The administrative division or territorial organization of Chile exemplifies characteristics of a unitary state. State administration is functionally and geographically decentralized, as appropriate for each authority in accordance with the law.

For the interior government and administration within the State, the territory of the republic has been divided into 16 regions (regiones), 56 provinces (provincias) and 346 communes (comunas) since the 1970s process of reform, made at the request of the National Commission on Administrative Reform (Comisión Nacional de la Reforma Administrativa or CONARA). State agencies exist to promote the strengthening of its regionalization, equitable development and solidarity between regions, provinces and communes within the nation.

Since 2005, the creation, abolition and designation of regions, provinces and communes, the altering of their boundaries, and the establishment of the regional and provincial capitals are part of constitutional law.

The Ministries of Chile (except the Ministries of the Interior, National Defense, Foreign Affairs and Secretary General of the Presidency) are devolved to regional level, being represented by regional ministries, integrating the so-called "regional cabinet," chaired by the regional intendent.

History

The political and administrative division of Chile has had four major periods: before 1833, from 1833 to 1925, from 1925 to 1976 and from 1976 onwards.

Before 1974, Chile was divided into:
 Provinces (provincias) - First level
 Departments (departamentos) - Second level

In October 2007, two new regions came into force: The I Tarapacá Region was divided laterally to create XV Arica and Parinacota Region to the north, and similarly, the X Los Lagos Region was split to create XIV Los Ríos Region to its north. Also there are plans to create a joint region between the provinces of Linares and Cauquenes by splitting the VII Maule Region.

On March 11, 2010, the creation of the Marga Marga Province gave Chile a new total of 56 provinces.

Current structure 

Chile is administratively divided into:

 16 Regions (regiones) - First level administrative division
 56 Provinces (provincias) - Second level administrative division
 346 Communes (comunas) - Third level administrative division

Regions

The regional government is headed by the intendant (intendente), appointed by the President of the Republic. The intendant is advised by the Regional Ministerial Secretaries (Secretaría Regional Ministerial or SEREMIs).

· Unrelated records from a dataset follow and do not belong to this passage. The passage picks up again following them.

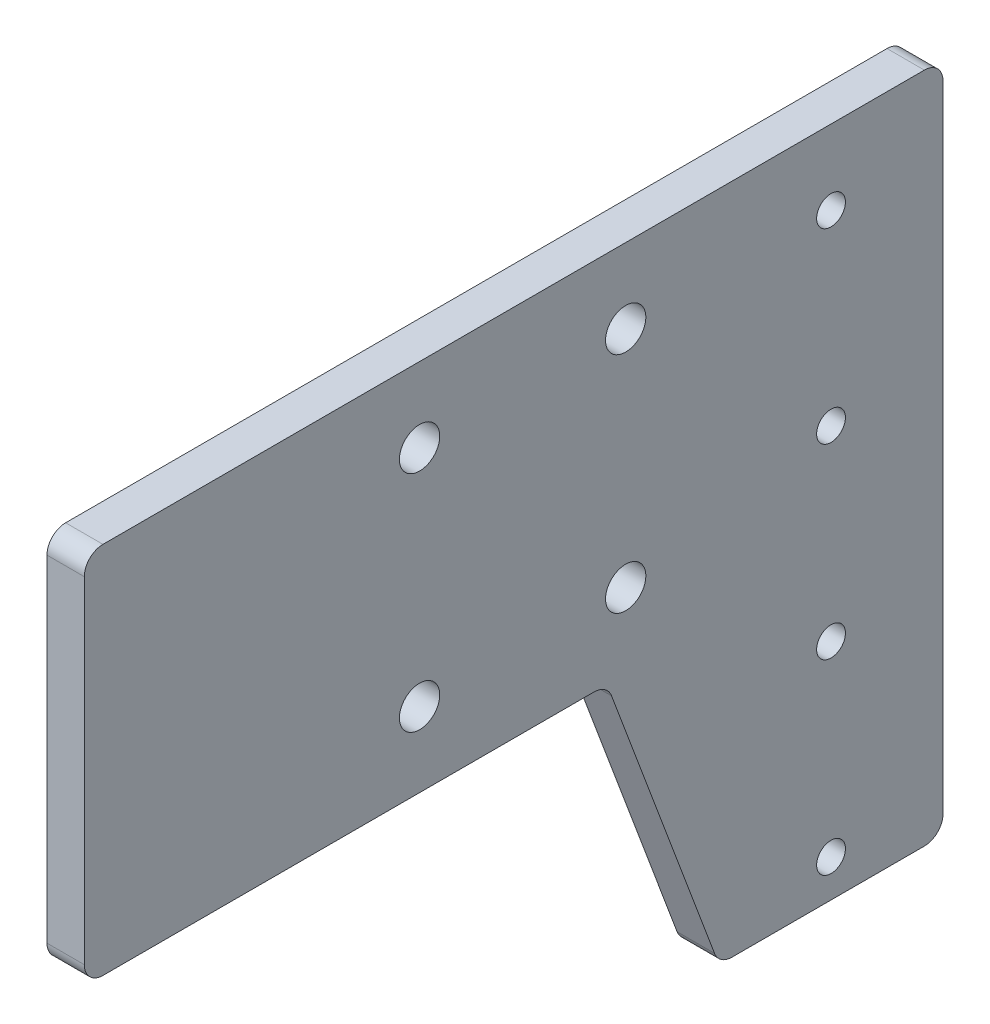
ISO-10303-21;
HEADER;
FILE_DESCRIPTION(('STEP AP214'),'2;1');
FILE_NAME('part.step','',(''),(''),'','','');
FILE_SCHEMA(('AUTOMOTIVE_DESIGN { 1 0 10303 214 1 1 1 1 }'));
ENDSEC;
DATA;
#1=APPLICATION_CONTEXT('core data for automotive mechanical design processes');
#2=APPLICATION_PROTOCOL_DEFINITION('international standard','automotive_design',2000,#1);
#3=PRODUCT_CONTEXT('',#1,'mechanical');
#4=PRODUCT('Part','Part','',(#3));
#5=PRODUCT_RELATED_PRODUCT_CATEGORY('part','',(#4));
#6=PRODUCT_DEFINITION_FORMATION('','',#4);
#7=PRODUCT_DEFINITION_CONTEXT('part definition',#1,'design');
#8=PRODUCT_DEFINITION('design','',#6,#7);
#9=PRODUCT_DEFINITION_SHAPE('','',#8);
#10=(LENGTH_UNIT() NAMED_UNIT(*) SI_UNIT(.MILLI.,.METRE.));
#11=(NAMED_UNIT(*) PLANE_ANGLE_UNIT() SI_UNIT($,.RADIAN.));
#12=(NAMED_UNIT(*) SI_UNIT($,.STERADIAN.) SOLID_ANGLE_UNIT());
#13=UNCERTAINTY_MEASURE_WITH_UNIT(LENGTH_MEASURE(1.E-05),#10,'distance_accuracy_value','');
#14=(GEOMETRIC_REPRESENTATION_CONTEXT(3) GLOBAL_UNCERTAINTY_ASSIGNED_CONTEXT((#13)) GLOBAL_UNIT_ASSIGNED_CONTEXT((#10,
#11,#12)) REPRESENTATION_CONTEXT('',''));
#15=CARTESIAN_POINT('',(0.,0.,0.));
#16=DIRECTION('',(0.,0.,1.));
#17=DIRECTION('',(1.,0.,0.));
#18=AXIS2_PLACEMENT_3D('',#15,#16,#17);
#19=CARTESIAN_POINT('',(6.35,0.,0.));
#20=DIRECTION('',(-1.,0.,0.));
#21=DIRECTION('',(0.,0.,1.));
#22=AXIS2_PLACEMENT_3D('',#19,#20,#21);
#23=PLANE('',#22);
#24=DIRECTION('',(0.,1.,0.));
#25=VECTOR('',#24,1.);
#26=CARTESIAN_POINT('',(6.35,114.3,0.));
#27=LINE('',#26,#25);
#28=CARTESIAN_POINT('',(6.35,3.175,0.));
#29=VERTEX_POINT('',#28);
#30=CARTESIAN_POINT('',(6.35,111.125,0.));
#31=VERTEX_POINT('',#30);
#32=EDGE_CURVE('E194',#29,#31,#27,.T.);
#33=ORIENTED_EDGE('',*,*,#32,.T.);
#34=CARTESIAN_POINT('',(6.35,111.125,3.17499999999998));
#35=DIRECTION('',(-1.,0.,0.));
#36=DIRECTION('',(0.,0.,1.));
#37=AXIS2_PLACEMENT_3D('',#34,#35,#36);
#38=CIRCLE('',#37,3.175);
#39=CARTESIAN_POINT('',(6.35,114.3,3.17499999999998));
#40=VERTEX_POINT('',#39);
#41=EDGE_CURVE('E224',#31,#40,#38,.F.);
#42=ORIENTED_EDGE('',*,*,#41,.T.);
#43=DIRECTION('',(0.,0.,1.));
#44=VECTOR('',#43,1.);
#45=CARTESIAN_POINT('',(6.35,114.3,146.05));
#46=LINE('',#45,#44);
#47=CARTESIAN_POINT('',(6.35,114.3,142.875));
#48=VERTEX_POINT('',#47);
#49=EDGE_CURVE('E162',#40,#48,#46,.T.);
#50=ORIENTED_EDGE('',*,*,#49,.T.);
#51=CARTESIAN_POINT('',(6.35,111.125,142.875));
#52=DIRECTION('',(-1.,0.,0.));
#53=DIRECTION('',(0.,0.,1.));
#54=AXIS2_PLACEMENT_3D('',#51,#52,#53);
#55=CIRCLE('',#54,3.175);
#56=CARTESIAN_POINT('',(6.35,111.125,146.05));
#57=VERTEX_POINT('',#56);
#58=EDGE_CURVE('E213',#48,#57,#55,.F.);
#59=ORIENTED_EDGE('',*,*,#58,.T.);
#60=DIRECTION('',(0.,-1.,0.));
#61=VECTOR('',#60,1.);
#62=CARTESIAN_POINT('',(6.35,50.8,146.05));
#63=LINE('',#62,#61);
#64=CARTESIAN_POINT('',(6.35,53.975,146.05));
#65=VERTEX_POINT('',#64);
#66=EDGE_CURVE('E280',#57,#65,#63,.T.);
#67=ORIENTED_EDGE('',*,*,#66,.T.);
#68=CARTESIAN_POINT('',(6.35,53.975,142.875));
#69=DIRECTION('',(-1.,0.,0.));
#70=DIRECTION('',(0.,0.,1.));
#71=AXIS2_PLACEMENT_3D('',#68,#69,#70);
#72=CIRCLE('',#71,3.175);
#73=CARTESIAN_POINT('',(6.35,50.8,142.875));
#74=VERTEX_POINT('',#73);
#75=EDGE_CURVE('E216',#65,#74,#72,.F.);
#76=ORIENTED_EDGE('',*,*,#75,.T.);
#77=DIRECTION('',(0.,0.,-1.));
#78=VECTOR('',#77,1.);
#79=CARTESIAN_POINT('',(6.35,50.8,57.15));
#80=LINE('',#79,#78);
#81=CARTESIAN_POINT('',(6.35,50.8,59.3502764864229));
#82=VERTEX_POINT('',#81);
#83=EDGE_CURVE('E271',#74,#82,#80,.T.);
#84=ORIENTED_EDGE('',*,*,#83,.T.);
#85=CARTESIAN_POINT('',(6.35,47.625,59.3502764864229));
#86=DIRECTION('',(-1.,0.,0.));
#87=DIRECTION('',(0.,0.,1.));
#88=AXIS2_PLACEMENT_3D('',#85,#86,#87);
#89=CIRCLE('',#88,3.175);
#90=CARTESIAN_POINT('',(6.35,48.7398169270432,56.3774313476412));
#91=VERTEX_POINT('',#90);
#92=EDGE_CURVE('E13',#82,#91,#89,.T.);
#93=ORIENTED_EDGE('',*,*,#92,.T.);
#94=DIRECTION('',(0.,-0.936329177569045,-0.351123441588391));
#95=VECTOR('',#94,1.);
#96=CARTESIAN_POINT('',(6.35,0.,38.1));
#97=LINE('',#96,#95);
#98=CARTESIAN_POINT('',(6.35,2.06018307295686,38.8725686523588));
#99=VERTEX_POINT('',#98);
#100=EDGE_CURVE('E270',#91,#99,#97,.T.);
#101=ORIENTED_EDGE('',*,*,#100,.T.);
#102=CARTESIAN_POINT('',(6.35,3.175,35.8997235135771));
#103=DIRECTION('',(-1.,0.,0.));
#104=DIRECTION('',(0.,0.,1.));
#105=AXIS2_PLACEMENT_3D('',#102,#103,#104);
#106=CIRCLE('',#105,3.175);
#107=CARTESIAN_POINT('',(6.35,0.,35.8997235135771));
#108=VERTEX_POINT('',#107);
#109=EDGE_CURVE('E73',#99,#108,#106,.F.);
#110=ORIENTED_EDGE('',*,*,#109,.T.);
#111=DIRECTION('',(0.,0.,-1.));
#112=VECTOR('',#111,1.);
#113=CARTESIAN_POINT('',(6.35,0.,0.));
#114=LINE('',#113,#112);
#115=CARTESIAN_POINT('',(6.35,0.,3.175));
#116=VERTEX_POINT('',#115);
#117=EDGE_CURVE('E196',#108,#116,#114,.T.);
#118=ORIENTED_EDGE('',*,*,#117,.T.);
#119=CARTESIAN_POINT('',(6.35,3.175,3.175));
#120=DIRECTION('',(-1.,0.,0.));
#121=DIRECTION('',(0.,0.,1.));
#122=AXIS2_PLACEMENT_3D('',#119,#120,#121);
#123=CIRCLE('',#122,3.175);
#124=EDGE_CURVE('E221',#116,#29,#123,.F.);
#125=ORIENTED_EDGE('',*,*,#124,.T.);
#126=EDGE_LOOP('',(#33,#42,#50,#59,#67,#76,#84,#93,#101,#110,#118,#125));
#127=FACE_BOUND('',#126,.T.);
#128=CARTESIAN_POINT('',(6.35,101.6,19.05));
#129=DIRECTION('',(1.,0.,0.));
#130=DIRECTION('',(0.,0.,-1.));
#131=AXIS2_PLACEMENT_3D('',#128,#129,#130);
#132=CIRCLE('',#131,2.4511);
#133=CARTESIAN_POINT('',(6.35,101.6,16.5989));
#134=VERTEX_POINT('',#133);
#135=EDGE_CURVE('E180',#134,#134,#132,.T.);
#136=ORIENTED_EDGE('',*,*,#135,.F.);
#137=EDGE_LOOP('',(#136));
#138=FACE_BOUND('',#137,.T.);
#139=CARTESIAN_POINT('',(6.35,101.6,53.975));
#140=DIRECTION('',(1.,0.,0.));
#141=DIRECTION('',(0.,0.,-1.));
#142=AXIS2_PLACEMENT_3D('',#139,#140,#141);
#143=CIRCLE('',#142,3.429);
#144=CARTESIAN_POINT('',(6.35,101.6,50.546));
#145=VERTEX_POINT('',#144);
#146=EDGE_CURVE('E294',#145,#145,#143,.T.);
#147=ORIENTED_EDGE('',*,*,#146,.F.);
#148=EDGE_LOOP('',(#147));
#149=FACE_BOUND('',#148,.T.);
#150=CARTESIAN_POINT('',(6.35,69.85,19.0499999999997));
#151=DIRECTION('',(1.,0.,0.));
#152=DIRECTION('',(0.,0.,-1.));
#153=AXIS2_PLACEMENT_3D('',#150,#151,#152);
#154=CIRCLE('',#153,2.4511);
#155=CARTESIAN_POINT('',(6.35,69.85,16.5988999999997));
#156=VERTEX_POINT('',#155);
#157=EDGE_CURVE('E302',#156,#156,#154,.T.);
#158=ORIENTED_EDGE('',*,*,#157,.F.);
#159=EDGE_LOOP('',(#158));
#160=FACE_BOUND('',#159,.T.);
#161=CARTESIAN_POINT('',(6.35,38.1,19.0499999999993));
#162=DIRECTION('',(1.,0.,0.));
#163=DIRECTION('',(0.,0.,-1.));
#164=AXIS2_PLACEMENT_3D('',#161,#162,#163);
#165=CIRCLE('',#164,2.4511);
#166=CARTESIAN_POINT('',(6.35,38.1,16.5988999999993));
#167=VERTEX_POINT('',#166);
#168=EDGE_CURVE('E310',#167,#167,#165,.T.);
#169=ORIENTED_EDGE('',*,*,#168,.F.);
#170=EDGE_LOOP('',(#169));
#171=FACE_BOUND('',#170,.T.);
#172=CARTESIAN_POINT('',(6.35,6.34999999999999,19.049999999999));
#173=DIRECTION('',(1.,0.,0.));
#174=DIRECTION('',(0.,0.,-1.));
#175=AXIS2_PLACEMENT_3D('',#172,#173,#174);
#176=CIRCLE('',#175,2.4511);
#177=CARTESIAN_POINT('',(6.35,6.34999999999999,16.598899999999));
#178=VERTEX_POINT('',#177);
#179=EDGE_CURVE('E318',#178,#178,#176,.T.);
#180=ORIENTED_EDGE('',*,*,#179,.F.);
#181=EDGE_LOOP('',(#180));
#182=FACE_BOUND('',#181,.T.);
#183=CARTESIAN_POINT('',(6.35,101.6,89.027));
#184=DIRECTION('',(1.,0.,0.));
#185=DIRECTION('',(0.,0.,-1.));
#186=AXIS2_PLACEMENT_3D('',#183,#184,#185);
#187=CIRCLE('',#186,3.429);
#188=CARTESIAN_POINT('',(6.35,101.6,85.598));
#189=VERTEX_POINT('',#188);
#190=EDGE_CURVE('E326',#189,#189,#187,.T.);
#191=ORIENTED_EDGE('',*,*,#190,.F.);
#192=EDGE_LOOP('',(#191));
#193=FACE_BOUND('',#192,.T.);
#194=CARTESIAN_POINT('',(6.35,63.4999999999998,89.0269999999996));
#195=DIRECTION('',(1.,0.,0.));
#196=DIRECTION('',(0.,0.,-1.));
#197=AXIS2_PLACEMENT_3D('',#194,#195,#196);
#198=CIRCLE('',#197,3.429);
#199=CARTESIAN_POINT('',(6.35,63.4999999999998,85.5979999999996));
#200=VERTEX_POINT('',#199);
#201=EDGE_CURVE('E334',#200,#200,#198,.T.);
#202=ORIENTED_EDGE('',*,*,#201,.F.);
#203=EDGE_LOOP('',(#202));
#204=FACE_BOUND('',#203,.T.);
#205=CARTESIAN_POINT('',(6.35,63.5,53.9749999999996));
#206=DIRECTION('',(1.,0.,0.));
#207=DIRECTION('',(0.,0.,-1.));
#208=AXIS2_PLACEMENT_3D('',#205,#206,#207);
#209=CIRCLE('',#208,3.429);
#210=CARTESIAN_POINT('',(6.35,63.5,50.5459999999996));
#211=VERTEX_POINT('',#210);
#212=EDGE_CURVE('E342',#211,#211,#209,.T.);
#213=ORIENTED_EDGE('',*,*,#212,.F.);
#214=EDGE_LOOP('',(#213));
#215=FACE_BOUND('',#214,.T.);
#216=ADVANCED_FACE('F50',(#127,#138,#149,#160,#171,#182,#193,#204,#215),#23,.F.);
#217=CARTESIAN_POINT('',(0.,0.,0.));
#218=DIRECTION('',(-1.,0.,0.));
#219=DIRECTION('',(0.,0.,1.));
#220=AXIS2_PLACEMENT_3D('',#217,#218,#219);
#221=PLANE('',#220);
#222=CARTESIAN_POINT('',(0.,63.4999999999998,89.0269999999996));
#223=DIRECTION('',(1.,0.,0.));
#224=DIRECTION('',(0.,0.,-1.));
#225=AXIS2_PLACEMENT_3D('',#222,#223,#224);
#226=CIRCLE('',#225,3.429);
#227=CARTESIAN_POINT('',(0.,63.4999999999998,85.5979999999996));
#228=VERTEX_POINT('',#227);
#229=EDGE_CURVE('E338',#228,#228,#226,.T.);
#230=ORIENTED_EDGE('',*,*,#229,.T.);
#231=EDGE_LOOP('',(#230));
#232=FACE_BOUND('',#231,.T.);
#233=CARTESIAN_POINT('',(0.,6.34999999999999,19.049999999999));
#234=DIRECTION('',(1.,0.,0.));
#235=DIRECTION('',(0.,0.,-1.));
#236=AXIS2_PLACEMENT_3D('',#233,#234,#235);
#237=CIRCLE('',#236,2.4511);
#238=CARTESIAN_POINT('',(0.,6.34999999999999,16.598899999999));
#239=VERTEX_POINT('',#238);
#240=EDGE_CURVE('E322',#239,#239,#237,.T.);
#241=ORIENTED_EDGE('',*,*,#240,.T.);
#242=EDGE_LOOP('',(#241));
#243=FACE_BOUND('',#242,.T.);
#244=CARTESIAN_POINT('',(0.,69.85,19.0499999999997));
#245=DIRECTION('',(1.,0.,0.));
#246=DIRECTION('',(0.,0.,-1.));
#247=AXIS2_PLACEMENT_3D('',#244,#245,#246);
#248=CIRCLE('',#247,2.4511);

The administration of the region lies in the regional government, constituted by the intendente and the Regional Council (Consejo Regional).

Provinces

The government and administration of each province lies in the provincial governorate (Gobernación Provincial), headed by a governor (gobernador), appointed by the President of the Republic. It exercises its powers in accordance with the instructions from the regional intendant. It is advised by the Provincial Economic and Social Council (Consejo Económico y Social Provincial or CESPRO).

The only exception is the Santiago Province, which makes no provision for a provincial governorate in its regulations. Instead, the position corresponds to the intendant of the Metropolitan Region of Santiago. In January 2001, the Provincial Delegation of Santiago was created with the position of a Provincial Delegate, who exercises the functions of a provincial governor on behalf of the respective intendant.

Municipalities

The local administration of each commune or group of communities resides in the municipality (municipalidad), consisting of an alcalde and a communal council (Consejo Comunal), elected directly for a period of 4 years renewable.

Municipalities represent the decentralization of central power. They are advised by an Economic and Social Communal Council (Consejo Económico y Social Comunal or CESCO), composed of representatives from the most important of the community's organizations and activities.

There are 346 communes and 345 municipalities, as the municipality of Cabo de Hornos manages the grouping of communities of Cape Horn and Antártica. There are proposals to create a number of new communities to be studied by the Secretariat of Regional and Administrative Development (Subsecretaría de Desarrollo Regional y Administrativo or SUBDERE).

Current list of administrative divisions

Proposed structural changes
SUBDERE continues to examine the proposed creation of the provinces of Villarrica, San Carlos, Admiral Simpson, Aconcagua and others.